Repartitions a distributed object. This function takes two inputs, a distributed object and a skeleton. These inputs must both be distributed objects of the same type and same dimension. If 'dobj' and 'skeleton' have different internal partitioning, this function will return a new distributed object with the same internal data as in 'dobj' but with the partitioning scheme of 'skeleton'.

Usage

repartition(dobj, skeleton)

## S3 method for class 'DObject': repartition(dobj, skeleton)

Arguments

dobj
distributed object whose data is to be preserved, but repartitioned.
skeleton
distributed Object whose partitioning is to be emulated in the output.

Value

  • A new distributed object with the data of 'dobj' and the partitioning of 'skeleton'.

Methods (by class)

  • DObject: The default implementation of repartition.

References

Prasad, S., Fard, A., Gupta, V., Martinez, J., LeFevre, J., Xu, V., Hsu, M., Roy, I. Large scale predictive analytics in Vertica: Fast data transfer, distributed model creation and in-database prediction. _Sigmod 2015_, 1657-1668.

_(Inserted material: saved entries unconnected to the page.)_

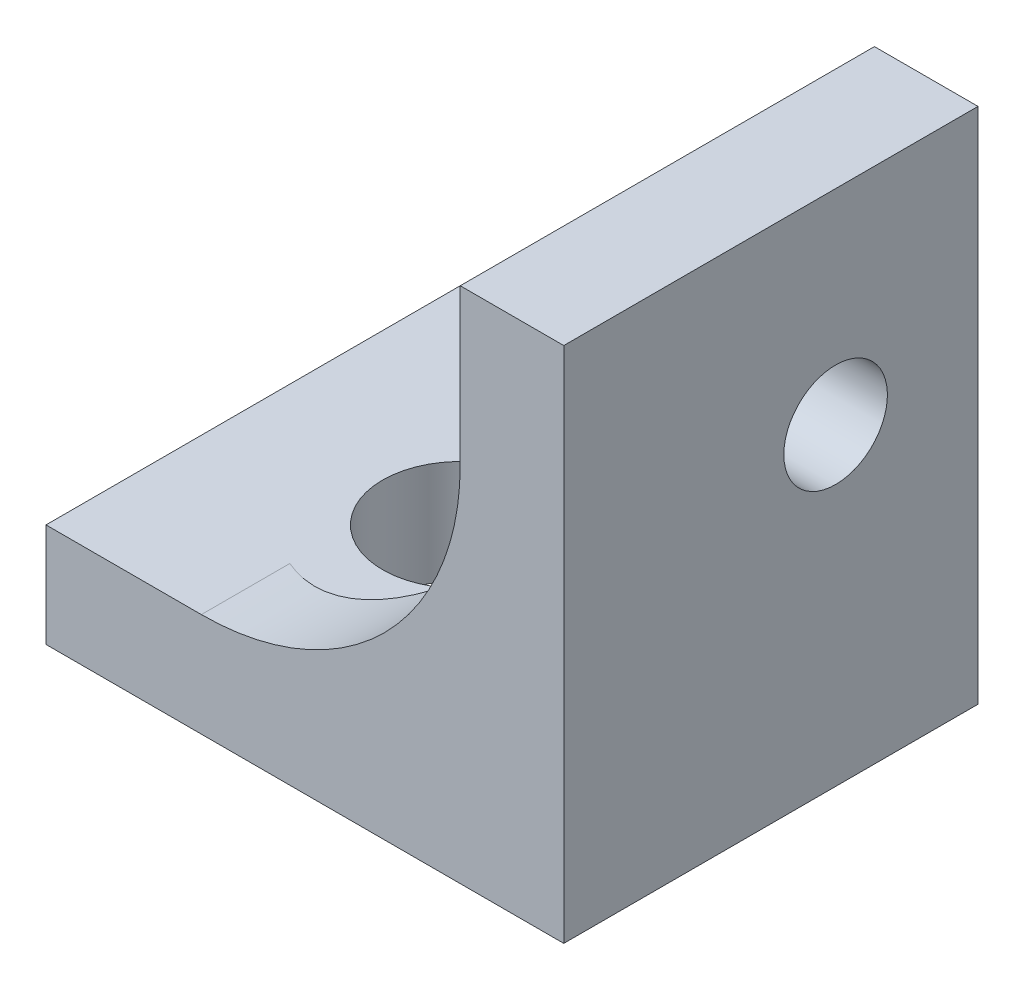
ISO-10303-21;
HEADER;
FILE_DESCRIPTION(('STEP AP214'),'2;1');
FILE_NAME('part.step','',(''),(''),'','','');
FILE_SCHEMA(('AUTOMOTIVE_DESIGN { 1 0 10303 214 1 1 1 1 }'));
ENDSEC;
DATA;
#1=APPLICATION_CONTEXT('core data for automotive mechanical design processes');
#2=APPLICATION_PROTOCOL_DEFINITION('international standard','automotive_design',2000,#1);
#3=PRODUCT_CONTEXT('',#1,'mechanical');
#4=PRODUCT('Part','Part','',(#3));
#5=PRODUCT_RELATED_PRODUCT_CATEGORY('part','',(#4));
#6=PRODUCT_DEFINITION_FORMATION('','',#4);
#7=PRODUCT_DEFINITION_CONTEXT('part definition',#1,'design');
#8=PRODUCT_DEFINITION('design','',#6,#7);
#9=PRODUCT_DEFINITION_SHAPE('','',#8);
#10=(LENGTH_UNIT() NAMED_UNIT(*) SI_UNIT(.MILLI.,.METRE.));
#11=(NAMED_UNIT(*) PLANE_ANGLE_UNIT() SI_UNIT($,.RADIAN.));
#12=(NAMED_UNIT(*) SI_UNIT($,.STERADIAN.) SOLID_ANGLE_UNIT());
#13=UNCERTAINTY_MEASURE_WITH_UNIT(LENGTH_MEASURE(1.E-05),#10,'distance_accuracy_value','');
#14=(GEOMETRIC_REPRESENTATION_CONTEXT(3) GLOBAL_UNCERTAINTY_ASSIGNED_CONTEXT((#13)) GLOBAL_UNIT_ASSIGNED_CONTEXT((#10,
#11,#12)) REPRESENTATION_CONTEXT('',''));
#15=CARTESIAN_POINT('',(0.,0.,0.));
#16=DIRECTION('',(0.,0.,1.));
#17=DIRECTION('',(1.,0.,0.));
#18=AXIS2_PLACEMENT_3D('',#15,#16,#17);
#19=CARTESIAN_POINT('',(-7.,7.,4.));
#20=DIRECTION('',(0.,0.,1.));
#21=DIRECTION('',(1.,0.,0.));
#22=AXIS2_PLACEMENT_3D('',#19,#20,#21);
#23=CYLINDRICAL_SURFACE('',#22,5.);
#24=CARTESIAN_POINT('',(-2.,7.,-2.71969384566991));
#25=CARTESIAN_POINT('',(-1.99999867804241,6.96038055154379,-2.74530406939443));
#26=CARTESIAN_POINT('',(-2.00047164656441,6.91974123514812,-2.76929938437319));
#27=CARTESIAN_POINT('',(-2.00249534014122,6.83667934654765,-2.81392471658101));
#28=CARTESIAN_POINT('',(-2.00404610643408,6.79425670616876,-2.83455460500687));
#29=CARTESIAN_POINT('',(-2.01049830280839,6.66491432502792,-2.89109784935793));
#30=CARTESIAN_POINT('',(-2.0171983755155,6.57572390611684,-2.92179126999705));
#31=CARTESIAN_POINT('',(-2.03600912614743,6.39407270780982,-2.96840841168465));
#32=CARTESIAN_POINT('',(-2.04812482898309,6.30160896478487,-2.98431837354393));
#33=CARTESIAN_POINT('',(-2.07783095478387,6.11622453922833,-3.0012205909028));
#34=CARTESIAN_POINT('',(-2.09542029643804,6.02330395051123,-3.00221579088895));
#35=CARTESIAN_POINT('',(-2.13570181172784,5.83916828172634,-2.98971501753192));
#36=CARTESIAN_POINT('',(-2.15841610957023,5.74796251109971,-2.97615522778554));
#37=CARTESIAN_POINT('',(-2.20800481489154,5.5698454363075,-2.93532181309561));
#38=CARTESIAN_POINT('',(-2.23488127053931,5.48293627440118,-2.90804142140318));
#39=CARTESIAN_POINT('',(-2.29344109394283,5.30967279042823,-2.83861293114494));
#40=CARTESIAN_POINT('',(-2.32532442055952,5.22373154021282,-2.79560439035784));
#41=CARTESIAN_POINT('',(-2.39068723878888,5.06041586547692,-2.69649844284674));
#42=CARTESIAN_POINT('',(-2.42416745957263,4.98304540916136,-2.64039501033892));
#43=CARTESIAN_POINT('',(-2.49334219048328,4.83264972669039,-2.51139812253799));
#44=CARTESIAN_POINT('',(-2.52900498162388,4.76043818085067,-2.43753441079985));
#45=CARTESIAN_POINT('',(-2.59703732742944,4.62947777373248,-2.27728938929331));
#46=CARTESIAN_POINT('',(-2.62940583636023,4.57073318002588,-2.19090412565943));
#47=CARTESIAN_POINT('',(-2.68713893649717,4.46966947272381,-2.00876264992836));
#48=CARTESIAN_POINT('',(-2.71260771209724,4.42710159546281,-1.91317931805099));
#49=CARTESIAN_POINT('',(-2.75395330028,4.35941406929208,-1.71412797213516));
#50=CARTESIAN_POINT('',(-2.76984773589638,4.33426235044072,-1.61067484159505));
#51=CARTESIAN_POINT('',(-2.78819399357045,4.30538792059023,-1.41487942753203));
#52=CARTESIAN_POINT('',(-2.7922409330295,4.29911863076448,-1.32305934670922));
#53=CARTESIAN_POINT('',(-2.79098143941577,4.3010800427812,-1.13964879767555));
#54=CARTESIAN_POINT('',(-2.78567802810436,4.3093060601616,-1.0480582648603));
#55=CARTESIAN_POINT('',(-2.76730450895817,4.3383204198497,-0.876456657996809));
#56=CARTESIAN_POINT('',(-2.75498734256853,4.35789384091786,-0.796151634503493));
#57=CARTESIAN_POINT('',(-2.72441071161088,4.40766803456794,-0.64011795055982));
#58=CARTESIAN_POINT('',(-2.70614968056924,4.43787160884045,-0.564390502749947));
#59=CARTESIAN_POINT('',(-2.66353215930569,4.51063182584533,-0.41307519215602));
#60=CARTESIAN_POINT('',(-2.63880770078916,4.55397679137175,-0.337972459829501));
#61=CARTESIAN_POINT('',(-2.58602526341888,4.65056249100747,-0.195734774209249));
#62=CARTESIAN_POINT('',(-2.55796558268198,4.70380828515845,-0.12860392400199));
#63=CARTESIAN_POINT('',(-2.49602740313364,4.82751806618557,0.00601206104081807));
#64=CARTESIAN_POINT('',(-2.46189736645987,4.89936084390679,0.0721188568921348));
#65=CARTESIAN_POINT('',(-2.39384354783236,5.05310586009823,0.191592551975834));
#66=CARTESIAN_POINT('',(-2.35991991834914,5.13501476496842,0.244950938833224));
#67=CARTESIAN_POINT('',(-2.2921284062949,5.31310745537378,0.340716237850486));
#68=CARTESIAN_POINT('',(-2.25841713255764,5.40988039054042,0.382147553342853));
#69=CARTESIAN_POINT('',(-2.19575791710927,5.61065219764031,0.447229285581904));
#70=CARTESIAN_POINT('',(-2.16680622358936,5.71464528530952,0.470893760300303));
#71=CARTESIAN_POINT('',(-2.11673890430772,5.92092254542664,0.498160391485404));
#72=CARTESIAN_POINT('',(-2.09528003841527,6.02298647350299,0.50279377222896));
#73=CARTESIAN_POINT('',(-2.05893090202978,6.22760282597387,0.493965136591627));
#74=CARTESIAN_POINT('',(-2.04404023107244,6.33015522020103,0.48050422362642));
#75=CARTESIAN_POINT('',(-2.02673648507832,6.48112402780369,0.446847346293491));
#76=CARTESIAN_POINT('',(-2.02181266094272,6.53086331494279,0.433428634479487));
#77=CARTESIAN_POINT('',(-2.01353272925488,6.62910186045213,0.402208310142303));
#78=CARTESIAN_POINT('',(-2.01017671748865,6.67760104288669,0.384406429929458));
#79=CARTESIAN_POINT('',(-2.00492538150202,6.77302301944444,0.344496582096798));
#80=CARTESIAN_POINT('',(-2.00303398677853,6.81994125199201,0.322377228364049));
#81=CARTESIAN_POINT('',(-2.00056856073206,6.91165983724819,0.274052632839682));
#82=CARTESIAN_POINT('',(-1.99999450738326,6.95646022535466,0.247847459370385));
#83=CARTESIAN_POINT('',(-2.,7.,0.219693845669907));
#84=B_SPLINE_CURVE_WITH_KNOTS('',3,(#24,#25,#26,#27,#28,#29,#30,#31,#32,#33,#34,#35,#36,#37,#38,
#39,#40,#41,#42,#43,#44,#45,#46,#47,#48,#49,#50,#51,#52,#53,#54,#55,#56,#57,#58,#59,#60,#61,#62,
#63,#64,#65,#66,#67,#68,#69,#70,#71,#72,#73,#74,#75,#76,#77,#78,#79,#80,#81,#82,#83),
.UNSPECIFIED.,.F.,.F.,(4,2,2,2,2,2,2,2,2,2,2,2,2,2,2,2,2,2,2,2,2,2,2,2,2,2,2,2,2,4),(0.,
0.141445774767373,0.282896961744636,0.565107887498639,0.847581208920995,1.12999876345519,
1.41365965589029,1.69746058204911,1.99994218724748,2.30256325864533,2.62886299270558,
2.95526598610493,3.2764242067249,3.59698946578993,3.87179136397493,4.14650447045827,
4.39614776660585,4.64585690824766,4.91532374998678,5.18492868924562,5.49388338806945,
5.80304380934016,6.13295762301685,6.46261011723661,6.77414339594943,7.08565767778311,
7.24072945131146,7.39581069776172,7.55130659182139,7.70679988598637),.UNSPECIFIED.);
#85=CARTESIAN_POINT('',(-2.,7.,-2.7196938456699));
#86=VERTEX_POINT('',#85);
#87=CARTESIAN_POINT('',(-2.,7.,0.219693845669906));
#88=VERTEX_POINT('',#87);
#89=EDGE_CURVE('E113',#86,#88,#84,.T.);
#90=ORIENTED_EDGE('',*,*,#89,.F.);
#91=DIRECTION('',(0.,0.,-1.));
#92=VECTOR('',#91,1.);
#93=CARTESIAN_POINT('',(-2.,7.,4.));
#94=LINE('',#93,#92);
#95=CARTESIAN_POINT('',(-2.,7.,-4.));
#96=VERTEX_POINT('',#95);
#97=EDGE_CURVE('E123',#96,#86,#94,.F.);
#98=ORIENTED_EDGE('',*,*,#97,.F.);
#99=CARTESIAN_POINT('',(-7.,7.,-4.));
#100=DIRECTION('',(0.,0.,1.));
#101=DIRECTION('',(1.,0.,0.));
#102=AXIS2_PLACEMENT_3D('',#99,#100,#101);
#103=CIRCLE('',#102,5.);
#104=CARTESIAN_POINT('',(-7.,2.,-4.));
#105=VERTEX_POINT('',#104);
#106=EDGE_CURVE('E129',#105,#96,#103,.T.);
#107=ORIENTED_EDGE('',*,*,#106,.F.);
#108=DIRECTION('',(0.,0.,-1.));
#109=VECTOR('',#108,1.);
#110=CARTESIAN_POINT('',(-7.,2.,-4.));
#111=LINE('',#110,#109);
#112=CARTESIAN_POINT('',(-7.,2.,-2.29128784747792));
#113=VERTEX_POINT('',#112);
#114=EDGE_CURVE('E131',#113,#105,#111,.T.);
#115=ORIENTED_EDGE('',*,*,#114,.F.);
#116=CARTESIAN_POINT('',(-7.,2.,2.29128784747792));
#117=CARTESIAN_POINT('',(-6.94096198477514,1.99999114721002,2.31706454380835));
#118=CARTESIAN_POINT('',(-6.88091838617668,2.00104545803731,2.3405427218191));
#119=CARTESIAN_POINT('',(-6.75927544306799,2.00542966220429,2.38277858873866));
#120=CARTESIAN_POINT('',(-6.69767611366641,2.00875953345281,2.40153632347119));
#121=CARTESIAN_POINT('',(-6.57356747684374,2.01783011104039,2.43415801837006));
#122=CARTESIAN_POINT('',(-6.51106155835243,2.0235633569466,2.4480368802426));
#123=CARTESIAN_POINT('',(-6.38545900662037,2.03750646241955,2.47093159657459));
#124=CARTESIAN_POINT('',(-6.32236240453439,2.04571619207281,2.47994770605927));
#125=CARTESIAN_POINT('',(-6.13281515424676,2.07412554880528,2.49969114729352));
#126=CARTESIAN_POINT('',(-6.0060769240425,2.0981074672309,2.50312142115184));
#127=CARTESIAN_POINT('',(-5.75577042764084,2.15557667739918,2.491203692425));
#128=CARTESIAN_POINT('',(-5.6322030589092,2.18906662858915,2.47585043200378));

Venkataraman, S., Bodzsar, E., Roy, I., AuYoung, A., and Schreiber, R. (2013) Presto: Distributed Machine Learning and Graph Processing with Sparse Matrices. _EuroSys 2013_, 197-210.

Homepage: https://github.com/vertica/ddR

Examples

Run this code
a <- dlist(1,2,3,4,nparts=2)
b <- dmapply(function(x) x, 11:14,nparts=4)
c <- repartition(a,b) # c will have 4 partitions of length 1 each, containing 1 to 4.